But oft our greatest errors take their rise
From our best views. I strive to be concise,
And prove obscure. My strength, or passion, flees,
When I would write with elegance and ease.
Aiming at greatness, some to fustian soar:
Some, bent on safety, creep along the shore.
Thus injudicious, while one fault we shun,
Into its opposite extreme we run.
CHOICE OF THEME
Examine well, ye writers, weigh with care,
What suits your genius, what your strength can bear;
For when a well-proportioned theme you choose,
Nor words, nor method shall their aid refuse.
WORDS OLD AND NEW
The author of a promised work must be
Subtle and careful in word-harmony.
To choose and to reject. You merit praise
If by deft linking of known words a phrase
Strikes one as new. Should unfamiliar theme
Need fresh-invented terms, proper will seem
Diction unknown of old. This licence used
With fair discretion never is refused.
As when the forest, with the bending year,
First sheds the leaves, which earliest appear,
So an old race of words maturely dies,
And some, new born, in youth and vigour rise.

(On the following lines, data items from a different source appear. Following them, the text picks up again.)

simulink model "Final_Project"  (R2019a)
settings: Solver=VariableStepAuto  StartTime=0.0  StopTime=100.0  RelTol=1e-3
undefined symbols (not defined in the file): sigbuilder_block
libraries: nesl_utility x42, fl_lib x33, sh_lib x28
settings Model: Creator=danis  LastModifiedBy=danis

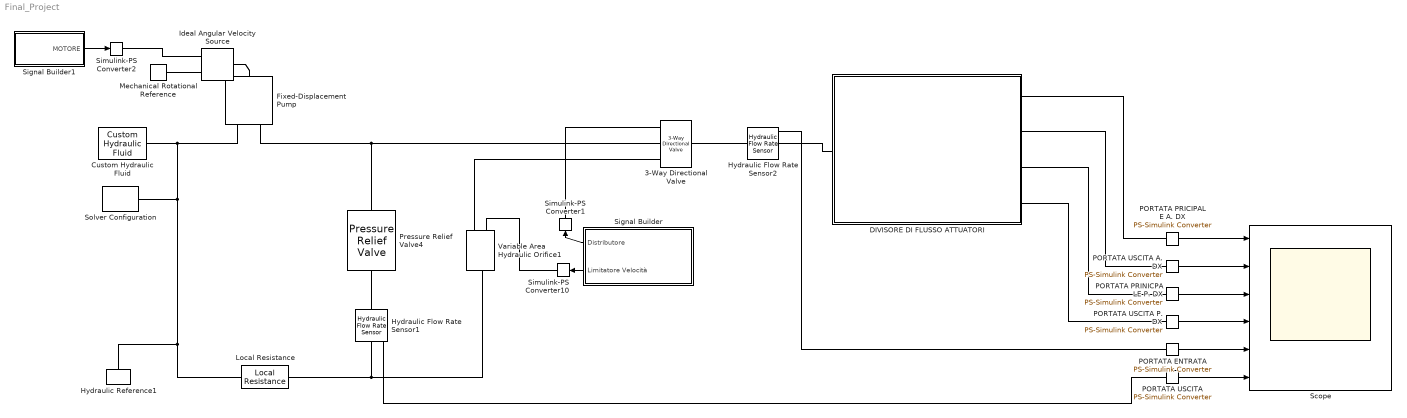
== system Final_Project ==
  3-Way Directional Valve : sh_lib/Valves/Directional Valves/3-Way Directional Valve  area_spec=sh.valves.directional_valves.enum.area_spec.identical  x_0_P=0 m  x_0_T=0 m  mdl_type_identical=sh.valves.directional_valves.enum.mdl_type.linear  mdl_type_different=sh.valves.directional_valves.enum.mdl_type.linear  opening_max=0.005 m  area_max=0.5e-4 m^2  opening_max_P_A=0.005 m  area_max_P_A=0.5e-4 m^2  opening_max_A_T=0.005 m  area_max_A_T=0.5e-4 m^2  opening_area_tab=[-.002, 0, .002, .005, .015] m  area_tab=[1e-09, 2.0352e-07, 4.0736e-05, .00011438, .00034356] m^2  opening_flow_rate_tab=[-.002, 0, .002, .005, .015] m  pressure_tab=[-10000000, -5000000, -2000000, 2000000, 5000000, 10000000] Pa  flow_rate_tab=[-1e-07, -7.0711e-08, -4.4721e-08, 4.4721e-08, 7.0711e-08, 1e-07; -2.0352e-05, -1.4391e-05, -9.1017e-06, 9.1017e-06, 1.4391e-05, 2.0352e-05; -.0040736, -.0028805, -.0018218, .0018218, .0028805, .0040736; -.011438, -.0080879, -.0051152, .0051152, .0080879, .011438; -.034356, -.024293, -.015364, .015364, .024293, .034356] m^3/s  opening_area_tab_P_A=[-.002, 0, .002, .005, .015] m  area_tab_P_A=[1e-09, 2.0352e-07, 4.0736e-05, .00011438, .00034356] m^2  opening_flow_rate_tab_P_A=[-.002, 0, .002, .005, .015] m  pressure_tab_P_A=[-10000000, -5000000, -2000000, 2000000, 5000000, 10000000] Pa  flow_rate_tab_P_A=[-1e-07, -7.0711e-08, -4.4721e-08, 4.4721e-08, 7.0711e-08, 1e-07; -2.0352e-05, -1.4391e-05, -9.1017e-06, 9.1017e-06, 1.4391e-05, 2.0352e-05; -.0040736, -.0028805, -.0018218, .0018218, .0028805, .0040736; -.011438, -.0080879, -.0051152, .0051152, .0080879, .011438; -.034356, -.024293, -.015364, .015364, .024293, .034356] m^3/s  opening_area_tab_A_T=[-.002, 0, .002, .005, .015] m  area_tab_A_T=[1e-09, 2.0352e-07, 4.0736e-05, .00011438, .00034356] m^2  opening_flow_rate_tab_A_T=[-.002, 0, .002, .005, .015] m  pressure_tab_A_T=[-10000000, -5000000, -2000000, 2000000, 5000000, 10000000] Pa  flow_rate_tab_A_T=[-1e-07, -7.0711e-08, -4.4721e-08, 4.4721e-08, 7.0711e-08, 1e-07; -2.0352e-05, -1.4391e-05, -9.1017e-06, 9.1017e-06, 1.4391e-05, 2.0352e-05; -.0040736, -.0028805, -.0018218, .0018218, .0028805, .0040736; -.011438, -.0080879, -.0051152, .0051152, .0080879, .011438; -.034356, -.024293, -.015364, .015364, .024293, .034356] m^3/s  interp_method_identical=sh.valves.directional_valves.enum.interp_method.linear  interp_method_different=sh.valves.directional_valves.enum.interp_method.linear  extrap_method_identical=sh.valves.directional_valves.enum.extrap_method.linear  extrap_method_different=sh.valves.directional_valves.enum.extrap_method.linear  A_leak=1e-15 m^2  C_d=0.7  lam_spec=sh.valves.directional_valves.enum.lam_spec.pressure_ratio  B_lam=0.999  Re_cr=12
      settings: SourceProductName=Simscape Fluids  SourceProductBaseCode=SH
  Custom Hydraulic Fluid : fl_lib/Hydraulic/Hydraulic Utilities/Custom Hydraulic Fluid  density=870 kg/m^3  viscosity_kin=0.000046 m^2/s  bulk=0.8e9 Pa  alpha=0.005  range_error=2
      settings: SourceProductName=Foundation Library
  DIVISORE DI FLUSSO ATTUATORI : Subsystem
  Fixed-Displacement Pump : sh_lib/Pumps and Motors/Fixed-Displacement Pump  D=10.5 cm^3/rev  loss_spec=1  w_nominal=952.4 rpm  pr_nominal=100e7 Pa  visc_nominal=0.000046 m^2/s  dens_nominal=870 kg/m^3  efficiency_vol=0.95  no_load_torque=0.0005 N*m  torque_pressure_coeff=0.6e-8 N*m/Pa  p_diff_eff_TLU=[100000, 1000000, 2000000] Pa  omega_eff_TLU=[25, 50, 100, 200, 300, 400] rad/s  vol_eff_TLU=[.816, .908, .954, .977, .981, .984; .325, .663, .831, .916, .925, .946; .137, .568, .78, .892, .893, .91]  mech_eff_TLU=[.996, .996, .996, .996, .996, .996; .988, .989, .989, .989, .989, .99; .981, .981, .982, .982, .983, .984]  p_diff_loss_TLU=[100000, 1000000, 2000000] Pa  omega_loss_TLU=[25, 50, 100, 200, 300, 400] rad/s  vol_loss_TLU=[.023, .023, .023, .023, .0285, .032; .0844, .0842, .0845, .084, .1125, .108; .1079, .108, .11, .108, .1605, .18] * 1e-3 m^3/s  mech_loss_TLU=[.002, .002, .002, .002, .002, .002; .0607, .0556, .0556, .0556, .0556, .0505; .1937, .1937, .1833, .1833, .1729, .1626] N*m  pressure_threshold=1e5 Pa  omega_threshold=10 rad/s  quadrant_check=0  pressure_check=0  min_valid_pressure=0 Pa  vol_eff_min=1e-3  vol_eff_max=1  mech_eff_min=1e-3  mech_eff_max=1
      settings: SourceProductName=Simscape Fluids  SourceProductBaseCode=SH
  Hydraulic Flow Rate Sensor1 : fl_lib/Hydraulic/Hydraulic Sensors/Hydraulic Flow Rate Sensor
      settings: SourceProductName=Simscape
  Hydraulic Flow Rate Sensor2 : fl_lib/Hydraulic/Hydraulic Sensors/Hydraulic Flow Rate Sensor
      settings: SourceProductName=Simscape
  Hydraulic Reference1 : fl_lib/Hydraulic/Hydraulic Elements/Hydraulic Reference
      settings: SourceProductName=Foundation Library
  Ideal Angular Velocity Source : fl_lib/Mechanical/Mechanical Sources/Ideal Angular Velocity Source
  Local Resistance : sh_lib/Local Hydraulic Resistances/Local Resistance  area=1e-4 m^2  mdl_type=1  kp_d=2  kp_r=2  lam_spec=1  B_lam=0.999  Re_cr=150  Re_vec=[-4000, -3000, -2000, -1000, -500, -200, -100, -50, -40, -30, -20, -15, -10, 10, 20, 30, 40, 50, 100, 200, 500, 1000, 2000, 4000, 5000, 10000]  loss_coeff_vec=[.25, .3, .65, .9, .65, .75, .9, 1.15, 1.35, 1.65, 2.3, 2.8, 3.1, 5, 2.7, 1.8, 1.46, 1.3, .9, .65, .42, .3, .2, .4, .42, .25]  interp_method=2  extrap_method=2  flow_rate_threshold=1e-6 m^3/s  flow_rate_specify=off  flow_rate_priority=None  flow_rate=0 m^3/s  flow_rate_nominal_specify=off  flow_rate_nominal_unit=m^3/s  flow_rate_nominal_value=1  pressure_drop_specify=off  pressure_drop_priority=None  pressure_drop=0 Pa  pressure_drop_nominal_specify=off  pressure_drop_nominal_unit=Pa  pressure_drop_nominal_value=1
      settings: SourceProductName=Simscape Fluids  SourceProductBaseCode=SH
  Mechanical Rotational Reference : fl_lib/Mechanical/Rotational Elements/Mechanical Rotational Reference
  PORTATA ENTRATA : nesl_utility/PS-Simulink Converter  PhysicalDomain=network_engine_domain  SubClassName=ps_output  LeftPortType=input  RightPortType=output  PseudoPeriodic=off  Frequencies=[]  Unit=1  AffineConversion=off
  PORTATA PRICIPALE A. DX : nesl_utility/PS-Simulink Converter  PhysicalDomain=network_engine_domain  SubClassName=ps_output  LeftPortType=input  RightPortType=output  PseudoPeriodic=off  Frequencies=[]  Unit=1  AffineConversion=off
  PORTATA PRINICPALE P. DX : nesl_utility/PS-Simulink Converter  PhysicalDomain=network_engine_domain  SubClassName=ps_output  LeftPortType=input  RightPortType=output  PseudoPeriodic=off  Frequencies=[]  Unit=1  AffineConversion=off
  "PORTATA USCITA " : nesl_utility/PS-Simulink Converter  PhysicalDomain=network_engine_domain  SubClassName=ps_output  LeftPortType=input  RightPortType=output  PseudoPeriodic=off  Frequencies=[]  Unit=1  AffineConversion=off
  PORTATA USCITA A. DX : nesl_utility/PS-Simulink Converter  PhysicalDomain=network_engine_domain  SubClassName=ps_output  LeftPortType=input  RightPortType=output  PseudoPeriodic=off  Frequencies=[]  Unit=1  AffineConversion=off
  PORTATA USCITA P. DX : nesl_utility/PS-Simulink Converter  PhysicalDomain=network_engine_domain  SubClassName=ps_output  LeftPortType=input  RightPortType=output  PseudoPeriodic=off  Frequencies=[]  Unit=1  AffineConversion=off
  Pressure Relief Valve4 : sh_lib/Valves/Pressure Control Valves/Pressure Relief Valve  valve_area_spec=1  p_diff_TLU=[30.15e5 : 15e3 : 31.35e5] Pa  area_TLU=[1 : 1 : 9] .* 1e-5 m^2  area_max=1e-4 m^2  pres_set=75 bar  reg_range=5 bar  C_d=0.7  A_leak=1e-15 m^2  lam_spec=1  B_lam=0.999  Re_cr=12  dynamic=0  tau=0.1 s  area_init=1e-12 m^2
      settings: SourceProductName=Simscape Fluids  SourceProductBaseCode=SH
  Scope : Scope  NumInputPorts=6
  Signal Builder : Subsystem  Tag=STV Subsys  LoadFcn=sigbuilder_block('load');  StartFcn=sigbuilder_block('start');  StopFcn=sigbuilder_block('stop');  ClipboardFcn=sigbuilder_block('clipboard');  mask(Sigbuilder block){tuvar=[0:10]}
      mask help: Simulink:masks:SigbuilderBlock_MD
      mask init:
      | if ~strcmp(get_param(bdroot(gcbh),'SimulationStatus'),'stopped') tuvar = sigbuilder_block('maskInit'); end
      settings: CopyFcn=sigbuilder_block('copy');  DeleteFcn=sigbuilder_block('delete');  ModelCloseFcn=sigbuilder_block('modelClose');  PreSaveFcn=sigbuilder_block('preSave');  PauseFcn=sigbuilder_block('pause');  ContinueFcn=sigbuilder_block('continue');  NameChangeFcn=sigbuilder_block('namechange');  OpenFcn=sigbuilder_block('open',[154.868 35.3208 673.811 360.679 ]);  CloseFcn=sigbuilder_block('close');
      mask Display: plot(0, 0, 100, 100,[2, 2, 32, 32, 2], [68, 8, 8, 68, 68],[32, 2], [38, 38], [32, 19, 2],[53, 60, 44], [32, 17, 17, 2],[16, 16, 31, 31]);txt = getActiveGroup(gcbh);text(2, 100, txt,'verticalAlignment', 'top');
  Signal Builder1 : Subsystem  Tag=STV Subsys  LoadFcn=sigbuilder_block('load');  StartFcn=sigbuilder_block('start');  StopFcn=sigbuilder_block('stop');  ClipboardFcn=sigbuilder_block('clipboard');  mask(Sigbuilder block){tuvar=[0:10]}
      mask help: Simulink:masks:SigbuilderBlock_MD
      mask init:
      | if ~strcmp(get_param(bdroot(gcbh),'SimulationStatus'),'stopped') tuvar = sigbuilder_block('maskInit'); end
      settings: CopyFcn=sigbuilder_block('copy');  DeleteFcn=sigbuilder_block('delete');  ModelCloseFcn=sigbuilder_block('modelClose');  PreSaveFcn=sigbuilder_block('preSave');  PauseFcn=sigbuilder_block('pause');  ContinueFcn=sigbuilder_block('continue');  NameChangeFcn=sigbuilder_block('namechange');  OpenFcn=sigbuilder_block('open',[371.547 99.1698 550.868 360.679 ]);  CloseFcn=sigbuilder_block('close');
      mask Display: plot(0, 0, 100, 100,[2, 2, 32, 32, 2], [68, 8, 8, 68, 68],[32, 2], [38, 38], [32, 19, 2],[53, 60, 44], [32, 17, 17, 2],[16, 16, 31, 31]);txt = getActiveGroup(gcbh);text(2, 100, txt,'verticalAlignment', 'top');
  Simulink-PS Converter1 : nesl_utility/Simulink-PS Converter  PhysicalDomain=network_engine_domain  SubClassName=ps_input  LeftPortType=input  RightPortType=output  PseudoPeriodic=off  Frequencies=[]  NoiseDistribution=none  NoiseParameters=[]  Unit=1  AffineConversion=off  FilteringAndDerivatives=provide  SimscapeFilterOrder=1  InputFilterTimeConstant=0.001  UdotUserProvided=0
  Simulink-PS Converter10 : nesl_utility/Simulink-PS Converter  PhysicalDomain=network_engine_domain  SubClassName=ps_input  LeftPortType=input  RightPortType=output  PseudoPeriodic=off  Frequencies=[]  NoiseDistribution=none  NoiseParameters=[]  Unit=1  AffineConversion=off  FilteringAndDerivatives=provide  SimscapeFilterOrder=1  InputFilterTimeConstant=0.001  UdotUserProvided=0
  Simulink-PS Converter2 : nesl_utility/Simulink-PS Converter  PhysicalDomain=network_engine_domain  SubClassName=ps_input  LeftPortType=input  RightPortType=output  PseudoPeriodic=off  Frequencies=[]  NoiseDistribution=none  NoiseParameters=[]  Unit=1  AffineConversion=off  FilteringAndDerivatives=provide  SimscapeFilterOrder=1  InputFilterTimeConstant=0.001  UdotUserProvided=0
  Solver Configuration : nesl_utility/Solver Configuration  PhysicalDomain=network_engine_domain  SubClassName=solver  LeftPortType=input  RightPortType=generic  Tones=[]  Harmonics=[]  SimulateNoise=off  Profile=off  UseLocalSampling=off  EnableSwitchedLinearOptims=on  FrequencyDomain=off  UseCCode=off  RelTol=0.001  AbsTol=1e-06  MinStep=1e-09  ToWorkspace=off  RevertToSquareIcSolve=off  NumHomotopyIterations=100  PhasorMode=off  PhasorModeNumHarmonics=1  DoDC=off  ResidualTolerance=1e-09  UseLocalSolver=off  LocalSolverChoice=NE_BACKWARD_EULER_ADVANCER  LocalSolverSampleTime=0.001  DoFixedCost=off  MaxNonlinIter=3  MaxModeIter=2  LinearAlgebra=auto  EquationFormulation=NE_TIME_EF  DelaysMemoryBudget=1024  AutomaticFiltering=on  FilteringTimeConstant=0.001  PartitionStorageMethod=AS_NEEDED  PartitionMemoryBudget=1024  PartitionMethod=FAST
  Variable Area Hydraulic Orifice1 : fl_lib/Hydraulic/Hydraulic Elements/Variable Area Hydraulic Orifice  C_d=0.7  min_area=1e-12 m^2  lam_spec=1  B_lam=0.999  Re_cr=12  q_specify=off  q_priority=None  q=0.001 m^3/s  q_nominal_specify=off  q_nominal_unit=m^3/s  q_nominal_value=1  p_specify=off  p_priority=None  p=0 Pa  p_nominal_specify=off  p_nominal_unit=Pa  p_nominal_value=1
      settings: SourceProductName=Simscape  SourceProductBaseCode=SS
  wires:
  Signal Builder/1(Distributore) -> Simulink-PS Converter1/1
  Signal Builder/2(Limitatore Velocità) -> Simulink-PS Converter10/1
  PORTATA PRICIPALE A. DX/1 -> Scope/1
  PORTATA USCITA A. DX/1 -> Scope/2
  PORTATA PRINICPALE P. DX/1 -> Scope/3
  PORTATA USCITA P. DX/1 -> Scope/4
  PORTATA ENTRATA/1 -> Scope/5
  "PORTATA USCITA "/1 -> Scope/6
  Signal Builder1/1(MOTORE) -> Simulink-PS Converter2/1
  connections:
  3-Way Directional Valve/RConn3 -- Variable Area Hydraulic Orifice1/LConn2
  Simulink-PS Converter10/RConn1 -- Variable Area Hydraulic Orifice1/LConn1
  Simulink-PS Converter1/RConn1 -- 3-Way Directional Valve/RConn1
  Hydraulic Flow Rate Sensor1/LConn1 -- Pressure Relief Valve4/RConn1
  Hydraulic Flow Rate Sensor2/RConn2 -- DIVISORE DI FLUSSO ATTUATORI/LConn1
  Hydraulic Reference1/LConn1 -- Fixed-Displacement Pump/RConn2 -- Custom Hydraulic Fluid/RConn1 -- Solver Configuration/RConn1 -- Local Resistance/RConn1
  Variable Area Hydraulic Orifice1/RConn1 -- Local Resistance/LConn1 -- Hydraulic Flow Rate Sensor1/RConn2
  3-Way Directional Valve/LConn1 -- Hydraulic Flow Rate Sensor2/LConn1
  DIVISORE DI FLUSSO ATTUATORI/RConn1 -- PORTATA PRICIPALE A. DX/LConn1
  DIVISORE DI FLUSSO ATTUATORI/RConn2 -- PORTATA USCITA A. DX/LConn1
  DIVISORE DI FLUSSO ATTUATORI/RConn3 -- PORTATA PRINICPALE P. DX/LConn1
  DIVISORE DI FLUSSO ATTUATORI/RConn4 -- PORTATA USCITA P. DX/LConn1
  Hydraulic Flow Rate Sensor2/RConn1 -- PORTATA ENTRATA/LConn1
  Hydraulic Flow Rate Sensor1/RConn1 -- "PORTATA USCITA "/LConn1
  Ideal Angular Velocity Source/LConn1 -- Fixed-Displacement Pump/LConn1
  Ideal Angular Velocity Source/RConn2 -- Mechanical Rotational Reference/LConn1
  Simulink-PS Converter2/RConn1 -- Ideal Angular Velocity Source/RConn1
  3-Way Directional Valve/RConn2 -- Fixed-Displacement Pump/RConn1 -- Pressure Relief Valve4/LConn1

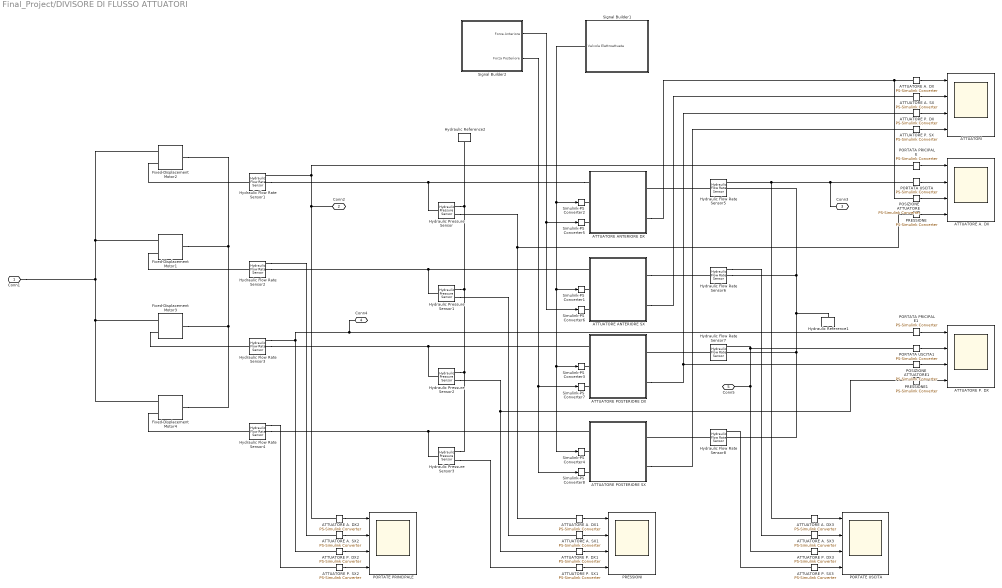
== system Final_Project/DIVISORE DI FLUSSO ATTUATORI ==
  ATTUATORE A. DX{,1..3} (4 alike) : nesl_utility/PS-Simulink Converter  PhysicalDomain=network_engine_domain  SubClassName=ps_output  LeftPortType=input  RightPortType=output  PseudoPeriodic=off  Frequencies=[]  Unit=1  AffineConversion=off
  "ATTUATORE A. DX " : Scope  NumInputPorts=4
  ATTUATORE A. SX{,1..3} (4 alike) : nesl_utility/PS-Simulink Converter  PhysicalDomain=network_engine_domain  SubClassName=ps_output  LeftPortType=input  RightPortType=output  PseudoPeriodic=off  Frequencies=[]  Unit=1  AffineConversion=off
  ATTUATORE ANTERIORE DX : Subsystem
  ATTUATORE ANTERIORE SX : Subsystem
  ATTUATORE P. DX{,1..3} (4 alike) : nesl_utility/PS-Simulink Converter  PhysicalDomain=network_engine_domain  SubClassName=ps_output  LeftPortType=input  RightPortType=output  PseudoPeriodic=off  Frequencies=[]  Unit=1  AffineConversion=off
  "ATTUATORE P. DX " : Scope  NumInputPorts=4
  ATTUATORE P. SX{,1..3} (4 alike) : nesl_utility/PS-Simulink Converter  PhysicalDomain=network_engine_domain  SubClassName=ps_output  LeftPortType=input  RightPortType=output  PseudoPeriodic=off  Frequencies=[]  Unit=1  AffineConversion=off
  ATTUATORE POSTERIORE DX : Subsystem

Many shall rise which now forgotten lie;
Others, in present credit, soon shall die,
If custom will, whose arbitrary sway
Words and the forms of language must obey.
WORDS MUST SUIT CHARACTER
'Tis not enough, ye writers, that ye charm
With pretty elegance; a play should warm
With soft concernment—should possess the soul,
And, as it wills, the listeners control.
With those who laugh, our social joy appears;
With those who mourn, we sympathise in tears;
If you would have me weep, begin the strain,
Then I shall feel your sorrow, feel your pain;
But if your heroes act not what they say,
I sleep or laugh the lifeless scene away.
ON LITERARY BORROWING
If you would make a common theme your own,
Dwell not on incidents already known;
Nor word for word translate with painful care,
Nor be confined in such a narrow sphere.